Nora Volkow, director of the National Institute on Drug Abuse, has called such prescriptions "an essential component of an ongoing treatment plan" that allow people to "regain control of their health and lives."

At the Serenity Mesa Recovery Center for youth in Albuquerque, where Weiss-Burke is executive director, doctors prescribe buprenorphine as part of its therapy program.

"Medically assisted treatment allows us to be able to give that person hope and see their life differently," Weiss-Burke said. "When heroin is not constantly on their mind, that's when the therapy can happen, that's when you can start changing their perception and life."

But prescribing buprenorphine isn't as simple as other drugs.

Federal law tightly restricts access to such medications to prevent them from being diverted for illegal use.
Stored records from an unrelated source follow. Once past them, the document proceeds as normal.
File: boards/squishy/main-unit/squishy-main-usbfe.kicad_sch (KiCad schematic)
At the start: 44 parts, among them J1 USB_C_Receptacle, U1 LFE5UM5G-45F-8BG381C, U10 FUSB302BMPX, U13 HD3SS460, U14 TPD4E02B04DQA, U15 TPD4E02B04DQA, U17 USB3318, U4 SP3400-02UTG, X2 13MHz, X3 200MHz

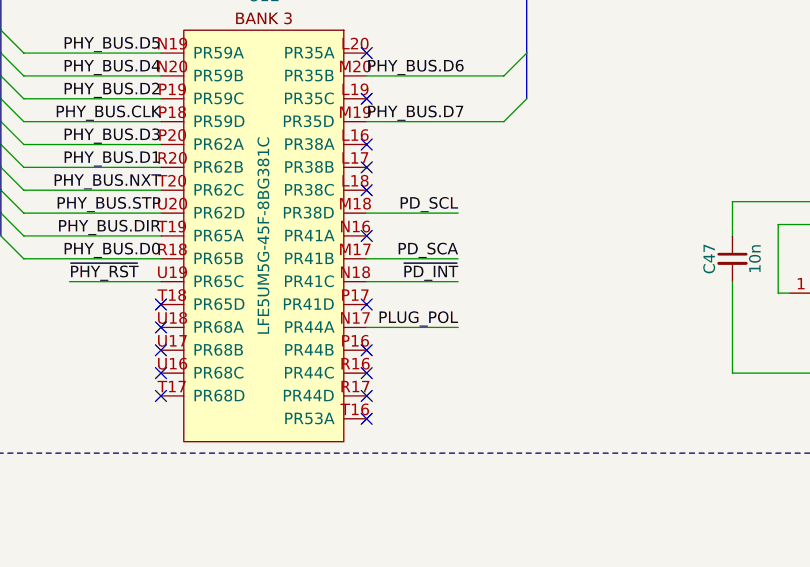
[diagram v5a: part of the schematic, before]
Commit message: squishy: main: A whole bunch of cleanup, also routed a large chunk of the supervisor
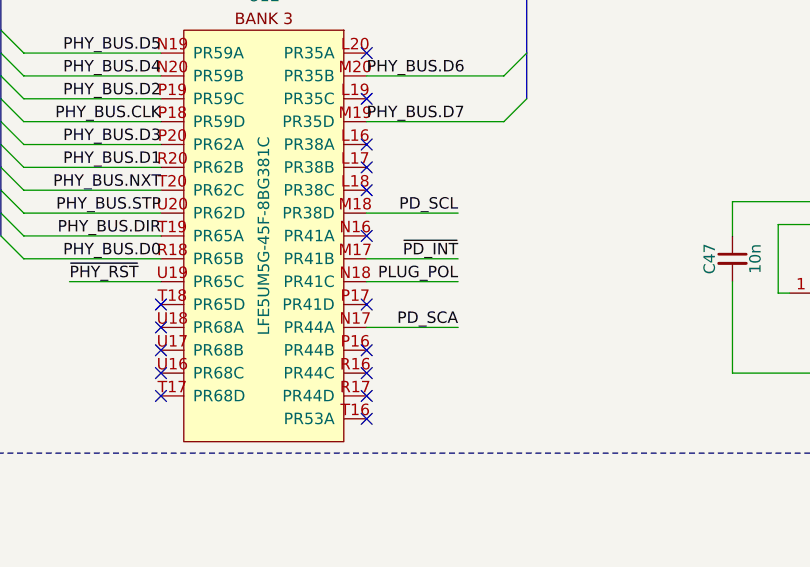
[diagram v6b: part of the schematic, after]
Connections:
- net PD_SCA: now also U1.N17 (PR44A); no longer U1.M17 (PR41B)
- net PLUG_POL: now also U1.N18 (PR41C); no longer U1.N17 (PR44A)
- net ~{PD_INT}: now also U1.M17 (PR41B); no longer U1.N18 (PR41C)
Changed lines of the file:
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@@
 	(wire
 		(pts
-			(xy 213.36 106.68) (xy 203.2 106.68)
+			(xy 213.36 101.6) (xy 203.2 101.6)
 		)
 		(stroke
@@
 	(wire
 		(pts
-			(xy 203.2 99.06) (xy 213.36 99.06)
+			(xy 203.2 106.68) (xy 213.36 106.68)
 		)
 		(stroke
@@
 	(wire
 		(pts
-			(xy 203.2 101.6) (xy 213.36 101.6)
+			(xy 203.2 99.06) (xy 213.36 99.06)
 		)
 		(stroke
@@
 	)
 	(label "PLUG_POL"
-		(at 213.36 106.68 180)
+		(at 213.36 101.6 180)
 		(fields_autoplaced yes)
 		(effects
@@
 	)
 	(label "~{PD_INT}"
-		(at 213.36 101.6 180)
+		(at 213.36 99.06 180)
 		(fields_autoplaced yes)
 		(effects
@@
 	)
 	(label "PD_SCA"
-		(at 213.36 99.06 180)
+		(at 213.36 106.68 180)
 		(fields_autoplaced yes)
 		(effects

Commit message: squishy: main: cleaning up the schematics, also routed the `SEPIC_GOOD` to the POR rather than just relying on the 5V from the SEPIC output to kick on the rest of the power tree
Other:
- note removed: "Cable Inserted"
- note removed: "Check Orientation"
- note removed: "Cont Sys Init"
- note removed: "FAIL/TIMEOUT"
- note removed: "INIT ULPI"
- note removed: "Indicate No Cable"
- note removed: "Indicate No Host"
- note removed: "Indicate USB2"
- note removed: "Indicate USB3"
- note removed: "NO"
- note removed: "PLUG_PRS=1"
- note removed: "SUCCESS"
- note removed: "Setup Mux"
- note removed: "Shutdown Transciver"
- note removed: "Shutdown ULPI"
- note removed: "Try USB2"
- note removed: "Try USB3"
- note removed: "USB Front-End Flow"
- note removed: "YES"
- moved on the sheet: C16, C17, C49, C91, C92, C93, R22, R44, R45, TP33, TP34, TP35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

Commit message: squishy: main: added proper tolerances to the resistors and capacitors
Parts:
- C16, C47, C57, C93: Tolerance (none) -> ±10% 25V
- C17, C49, C51, C52, C81, C83, C85, C91: Tolerance (none) -> ±10% 50V
- C3, C49, C50, C6, C92: Tolerance (none) -> ±20% 50V
- C48: Tolerance (none) -> ±10% 10V
- C82, C84: Tolerance (none) -> ±10% 16V
- F2: Tolerance (none) -> 63VDC
- R1, R11, R2, R22, R44, R45: Tolerance (none) -> ±1% 1/10W
- R5: Tolerance (none) -> ±1% 1/16W

Methadone, for example, can be dispensed only by special clinics. Doctors must undergo training before being certified to prescribe buprenorphine.

Until recently, doctors could treat no more than 100 people at a time with buprenorphine, so physicians had time to properly monitor patients. In July, the Obama administration increased that limit to 275 patients in an effort to get more people into treatment.

Federal officials have called opioid addiction a national crisis.

The death rate from drug overdoses more than doubled from 1999 to 2013, according to the Centers for Disease Control and Prevention. Drug overdoses now kill nearly 44,000 Americans a year — more than car accidents.

Among those ages 12 to 25, illicit opioid use more than doubled between 1991 and 2012. Yet 90% of drug-addicted youth ages 12 to 17 get no treatment at all, according to the 2012 National Survey on Drug Use and Health, published by the Substance Abuse and Mental Health Services Administration.

Addiction treatment hard to find, even as overdose deaths soar

Some critics say taking buprenorphine doesn't cure addiction.

During hearings on the opioid crisis, U.S. Rep. Tim Murphy, R-Pa., said opioid addicts who take buprenorphine are simply substituting one drug for another. Murphy, a child psychologist, also has voiced concern that addicts are illegally selling buprenophine to pay for their heroin habit.

Pharmaceutical companies have worked to develop forms of buprenorphine that can't be re-sold. In May, the Food and Drug Administration approved Probuphine, the first form of buprenorphine to be implanted, which provides a constant, low-level dose of the drug for six months.